- Born: Leonora Okine 11 July 1981 (age 44) Accra, Ghana
- Education: St Mary's Senior High School University of Ghana Accra Business School Ghana Institute of Management and Public Administration
- Occupations: Actress, business strategist, philanthropist
- Known for: Tinsel (TV series), MTV Shuga
- Awards: Golden Movie Award Africa (GMAA), 2015.

= Leonora Okine =

Ghanaian actress

Leonora Okine (born July 11, 1981) is a Ghanaian actress, philanthropist and business strategist.

== Personal life and education ==
Leonora was born in Accra, Ghana. She received her early education at Bishop Joel Primary and JHS. She is an alumna of St Mary's Senior High School, Accra, where she completed her secondary school education.
She studied Biological Science at the University of Ghana, Legon, she furthered at Accra Business School where she earned an MBA in Project Management.
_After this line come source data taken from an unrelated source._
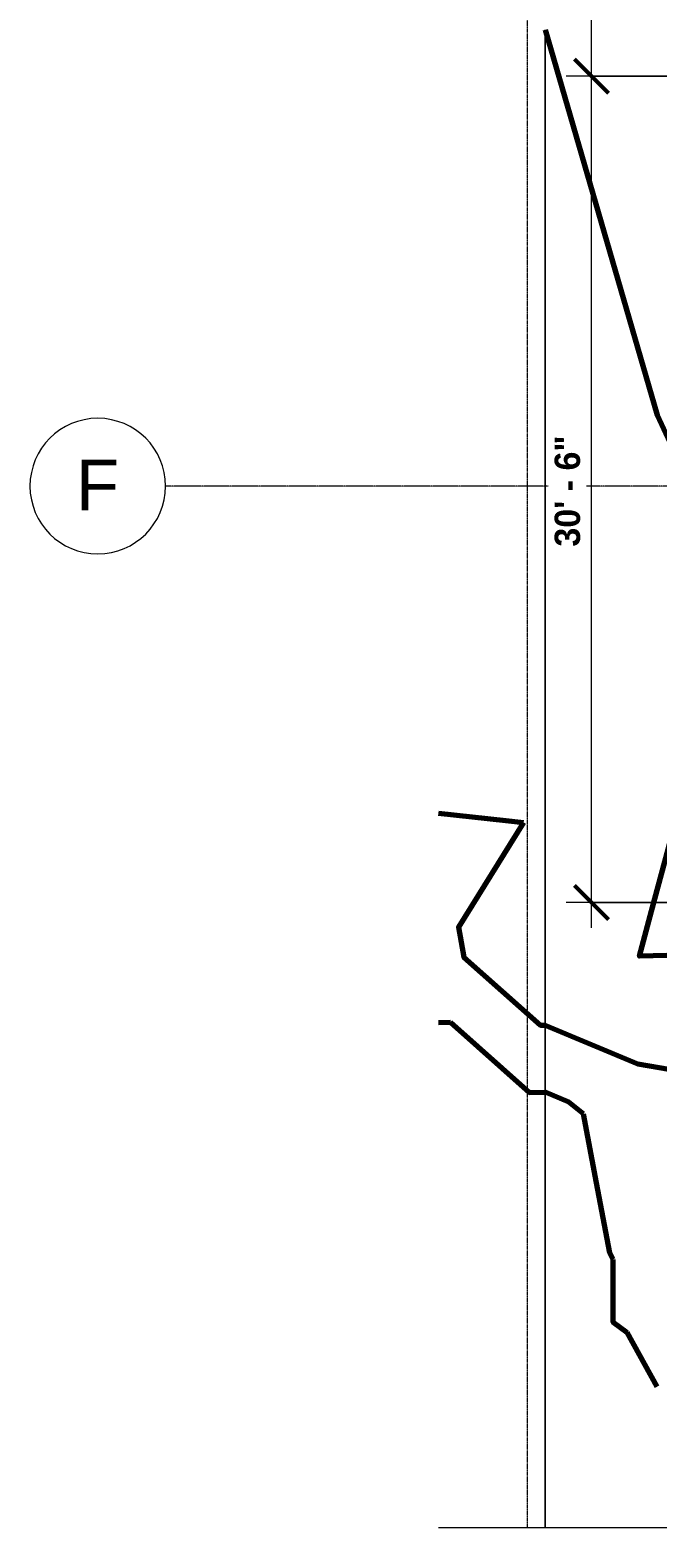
# Model space of a CAD drawing. Header units: inches. Extents: x -4294 to -464, y 9706 to 12475.
# Drawn here: x -4292 to -4015, y 9706 to 10369 of the extents above; entities that cross this region are included whole.
import ezdxf

# ---------------------------------------------------------------- set-up
doc = ezdxf.new("R2010")
doc.units = ezdxf.units.IN
doc.header["$MEASUREMENT"] = 0
doc.linetypes.add('Aligning Line 1_8_', pattern=[0.25, 0.125, -0.125])
doc.linetypes.add('Grid Line 1_2_', pattern=[0.875, 0.5, -0.125, 0.125, -0.125])
for name, color, linetype, lineweight in [('0-1', 7, 'Continuous', 5), ('0-4', 165, 'Continuous', 5), ('A-ANNO-DIMS', 211, 'Continuous', 9), ('A-ANNO-DIMS-120', 211, 'Continuous', 9), ('C-TOPO', 7, 'Continuous', 9), ('C-TOPO-MAJR-1', 130, 'Continuous', 70), ('G-ANNO-SYMB', 111, 'Aligning Line 1_8_', 9), ('G-ANNO-SYMB-1', 147, 'Aligning Line 1_8_', 9), ('S-GRID-1', 1, 'Grid Line 1_2_', 9), ('S-GRID-IDEN', 1, 'Continuous', 9), ('S-GRID-IDEN-1', 147, 'Continuous', 9)]:
    doc.layers.add(name, color=color, linetype=linetype, lineweight=lineweight)
doc.styles.add('Arial', font='arial.ttf', dxfattribs={"height": 22.5})
doc.styles.add('Century Gothic_B', font='GOTHICB.TTF', dxfattribs={"height": 11.25})
doc.dimstyles.new('OD__1__Tol__', dxfattribs={"dimscale": 12, "dimtxt": 11.746893, "dimasz": 1.25, "dimexe": 0.9375, "dimexo": 0.625, "dimgap": 0.15625, "dimtad": 1, "dimdec": 0, "dimzin": 3, "dimdsep": 46, "dimlunit": 4, "dimtxsty": 'Century Gothic_B', "dimblk1": 'OBLIQUE', "dimblk2": 'OBLIQUE', "dimsah": 1, "dimcen": 0.09, "dimdle": 0.9375, "dimazin": 0, "dimtfac": 1, "dimtdec": 4, "dimtix": 1, "dimtmove": 0, "dimatfit": 3, "dimfxl": 1, "dimtvp": 1, "dimtfill": 1, "dimfrac": 2, "dimtolj": 1, "dimtzin": 0, "dimarcsym": 2})

# ---------------------------------------------------------------- blocks, each defined once
blk = doc.blocks.new('CTR  - Topography_rvt-1-FLOOR PLAN - 2ND FLOOR')
at = {"layer": 'C-TOPO'}
for p, q in [((-4064.23, 10077.57), (-4064.23, 10369.02)), ((-4064.23, 10369.02), (-4064.23, 10077.57)), ((-4064.23, 10022.25), (-4064.23, 10077.57)), ((-4064.23, 10077.57), (-4064.23, 10022.25)), ((-4064.23, 9940.65), (-4064.23, 10022.25)), ((-4064.23, 10022.25), (-4064.23, 9940.65)), ((-4064.23, 9893.89), (-4064.23, 9940.65)), ((-4064.23, 9940.65), (-4064.23, 9893.89)), ((-4064.23, 9885.96), (-4064.23, 9893.89)), ((-4064.23, 9893.89), (-4064.23, 9885.96)), ((-4064.23, 9834.64), (-4064.23, 9885.96)), ((-4064.23, 9885.96), (-4064.23, 9834.64)), ((-4064.23, 9778.88), (-4064.23, 9834.64)), ((-4064.23, 9834.64), (-4064.23, 9778.88)), ((-4064.23, 9749.57), (-4064.23, 9778.88)), ((-4064.23, 9778.88), (-4064.23, 9749.57)), ((-4064.23, 9706.15), (-4064.23, 9749.57)), ((-4064.23, 9749.57), (-4064.23, 9706.15))]:
    blk.add_line(p, q, dxfattribs=at)
at = {"layer": 'C-TOPO-MAJR-1'}
for p, q in [((-4111.32, 9929.91), (-4106.07, 9929.93)), ((-4053.65, 9894.66), (-4064.23, 9899.04)), ((-4047.2, 9889.45), (-4053.65, 9894.66)), ((-4014.64, 9768.65), (-4027.87, 9792.62))]:
    blk.add_line(p, q, dxfattribs=at)
at = {"layer": 'C-TOPO-MAJR-1', "flags": 128}
for points in [[(-4064.23, 10369.02), (-4014.57, 10198.59), (-4004.23, 10176.24)], [(-4004.23, 9959.63), (-4022.41, 9959.21), (-4017.06, 9979.03), (-4004.23, 10026.53)], [(-4111.32, 10022.51), (-4081.56, 10019.16), (-4073.8, 10018.28)], [(-4073.8, 10018.28), (-4102.45, 9971.98), (-4100.22, 9958.81), (-4066.23, 9928.59), (-4064.23, 9928.64)], [(-4106.07, 9929.93), (-4071.15, 9898.88), (-4064.23, 9899.04)], [(-4064.23, 9928.64), (-4023.13, 9911.62), (-4004.23, 9908.27)], [(-4034.02, 9824.98), (-4035.53, 9827.97), (-4041.4, 9858.86), (-4047.2, 9889.45)], [(-4027.87, 9792.62), (-4034.02, 9797.3), (-4034.02, 9824.98)]]:
    blk.add_lwpolyline(points, dxfattribs=at)
blk = doc.blocks.new('Grid - Grid Head - Circle-50561-FLOOR PLAN - 2ND FLOOR')
at = {"layer": 'S-GRID-IDEN-1'}
for start, end in [(360, 180), (180, 360)]:
    blk.add_arc((0, 0), 0.25, start, end, dxfattribs=at)
blk = doc.blocks.new('CTR - 1st Phase - Shell_rvt-1-FLOOR PLAN - 2ND FLOOR')
at = {"layer": 'G-ANNO-SYMB-1'}
for p, q in [((-4071.96, 9706.24), (-4071.96, 12363.38)), ((-583.04, 9706.24), (-4111.32, 9706.24)), ((-1910.96, 9706.24), (-4071.96, 9706.24))]:
    blk.add_line(p, q, dxfattribs=at)
at = {"layer": 'S-GRID-1'}
blk.add_line((-464.45, 10167.19), (-4232.19, 10167.19), dxfattribs=at)
at = {"layer": '0-4', "xscale": 120, "yscale": 120, "zscale": 120, "rotation": 89.9999999999999}
blk.add_blockref('Grid - Grid Head - Circle-50561-FLOOR PLAN - 2ND FLOOR', (-4262.19, 10167.19), dxfattribs=at)
at = {"layer": 'S-GRID-IDEN', "insert": (-4271.92, 10178.92), "char_height": 22.5, "width": 23.4825, "attachment_point": 1, "style": 'Arial'}
blk.add_mtext('F', dxfattribs=at)
blk = doc.blocks.new('DIMBLOCK32-FLOOR PLAN - 2ND FLOOR')
at = {"layer": 'A-ANNO-DIMS-120', "lineweight": 50}
for p, q in [((-4043.68, 10348.59), (-4051.18, 10356.09)), ((-4043.68, 10348.59), (-4036.18, 10341.09)), ((-4043.68, 9982.94), (-4051.18, 9990.44)), ((-4043.68, 9982.94), (-4036.18, 9975.44))]:
    blk.add_line(p, q, dxfattribs=at)
at = {"layer": 'A-ANNO-DIMS-120'}
for p, q in [((-3859.97, 10348.59), (-4054.93, 10348.59)), ((-4043.68, 9971.69), (-4043.68, 10348.59)), ((-4043.68, 10348.59), (-3859.97, 10348.59)), ((-3863.79, 9982.94), (-4054.93, 9982.94)), ((-4043.68, 9982.94), (-3863.79, 9982.94))]:
    blk.add_line(p, q, dxfattribs=at)
at = {"layer": 'A-ANNO-DIMS-120', "color": 0, "insert": (-4059.97, 10140.41), "char_height": 11.25, "width": 60.8601, "attachment_point": 1, "rotation": 90, "line_spacing_factor": 0.984502, "style": 'Century Gothic_B', "bg_fill": 3, "box_fill_scale": 1.25, "bg_fill_color": 256, "bg_fill_true_color": 13158600, "bg_fill_transparency": 0}
blk.add_mtext('30\' - 6"', dxfattribs=at)
blk = doc.blocks.new('_Oblique')
at = {"color": 0, "linetype": 'ByBlock', "lineweight": -2}
blk.add_line((-0.5, -0.5), (0.5, 0.5), dxfattribs=at)
blk = doc.blocks.new('DIMBLOCK33-FLOOR PLAN - 2ND FLOOR')
at = {"layer": 'A-ANNO-DIMS-120', "lineweight": 50}
for p, q in [((-4043.68, 10550.19), (-4051.18, 10557.69)), ((-4043.68, 10550.19), (-4036.18, 10542.69)), ((-4043.68, 10348.59), (-4051.18, 10356.09)), ((-4043.68, 10348.59), (-4036.18, 10341.09))]:
    blk.add_line(p, q, dxfattribs=at)
at = {"layer": 'A-ANNO-DIMS-120'}
for p, q in [((-3859.97, 10550.19), (-4054.93, 10550.19)), ((-4043.68, 10348.59), (-4043.68, 10550.19)), ((-4043.68, 10550.19), (-3859.97, 10550.19)), ((-3859.97, 10348.59), (-4054.93, 10348.59)), ((-4043.68, 10348.59), (-3859.97, 10348.59))]:
    blk.add_line(p, q, dxfattribs=at)
at = {"layer": 'A-ANNO-DIMS-120', "color": 0, "insert": (-4059.97, 10419.65), "char_height": 11.25, "width": 71.3764, "attachment_point": 1, "rotation": 90, "line_spacing_factor": 0.984502, "style": 'Century Gothic_B', "bg_fill": 3, "box_fill_scale": 1.25, "bg_fill_color": 256, "bg_fill_true_color": 13158600, "bg_fill_transparency": 0}
blk.add_mtext('16\' - 10"', dxfattribs=at)

msp = doc.modelspace()

# ---------------------------------------------------------------- linework, layer by layer
at = {"layer": 'G-ANNO-SYMB'}
msp.add_line((-1875.4984, 9706.2403), (-4111.3223, 9706.2403), dxfattribs=at)

# ---------------------------------------------------------------- block references
at = {"layer": '0-1'}
for name in ['CTR - 1st Phase - Shell_rvt-1-FLOOR PLAN - 2ND FLOOR', 'CTR  - Topography_rvt-1-FLOOR PLAN - 2ND FLOOR']:
    msp.add_blockref(name, (0, 0), dxfattribs=at)

# ---------------------------------------------------------------- next in the draw order: dimensions: what is measured, and where the dimension line sits
at = {"layer": 'A-ANNO-DIMS'}
dim = msp.add_linear_dim(base=(-4043.6776, 10348.5894), p1=(-3856.2862, 9982.9394), p2=(-3852.4737, 10348.5894), angle=90, dimstyle='OD__1__Tol__', override={"dimpost": '<>', "dimfxl": 365.669875}, dxfattribs=at)
dim.commit()
dim.dimension.update_dxf_attribs({"geometry": 'DIMBLOCK32-FLOOR PLAN - 2ND FLOOR', "text_midpoint": (-4051.4605, 10165.7644)})

# ---------------------------------------------------------------- next in the draw order: dimensions: what is measured, and where the dimension line sits
dim = msp.add_linear_dim(base=(-4043.6776, 10550.1894), p1=(-3852.4737, 10348.5894), p2=(-3852.4737, 10550.1894), angle=90, dimstyle='OD__1__Tol__', override={"dimpost": '<>', "dimfxl": 201.6}, dxfattribs=at)
dim.commit()
dim.dimension.update_dxf_attribs({"geometry": 'DIMBLOCK33-FLOOR PLAN - 2ND FLOOR', "text_midpoint": (-4051.4605, 10449.3894)})

doc.saveas('drawing.dxf')

She continued in 2007 to study Operations and Project Management at the Ghana Institute of Management and Public Administration.

== Acting career==
Leonora's acting career started with a guest appearance in Ghanaian television series, Different Shades of Blue (2007).
In 2012 she replaced Matilda Obaseki in the Nigerian award-winning TV Series, Tinsel (TV series), playing the role of Angela Dede.
She played "Malaika" in seven episodes of MTV drama series, Shuga.
She has starred in Marrying the Game, Kpians: The Feast of Souls, Love and War, In Line, Beautiful Monster, and Desperation.

==Filmography==
===Film===
- Enemy of My Soul (2008)
- Beautiful Monster (2010)
- Insurgents (2011)
- Blood and Chocolate (2012)
- Love and War (2013) as Vivian
- Kpians: The Feast of Souls (2014) as Tricia
- In Line (2017) as Vanessa
- Wide Awake (2019)

===Television===
- Different Shades of Blue (2007) as Natasha
- Secrets (2009)
- Desperation (2009)
- Happy Family (2011)
- Tinsel (TV series) (2012)
- 5 Brides (2012)
- Echoes (2012)
- PEEP (2012)
- MTV Shuga (2013) as Malaika
- Married To The Game (2014) as Gloria Coker

== Recognition ==
Best Actress in TV Series category, Golden Movie Award Africa (GMAA), 2015.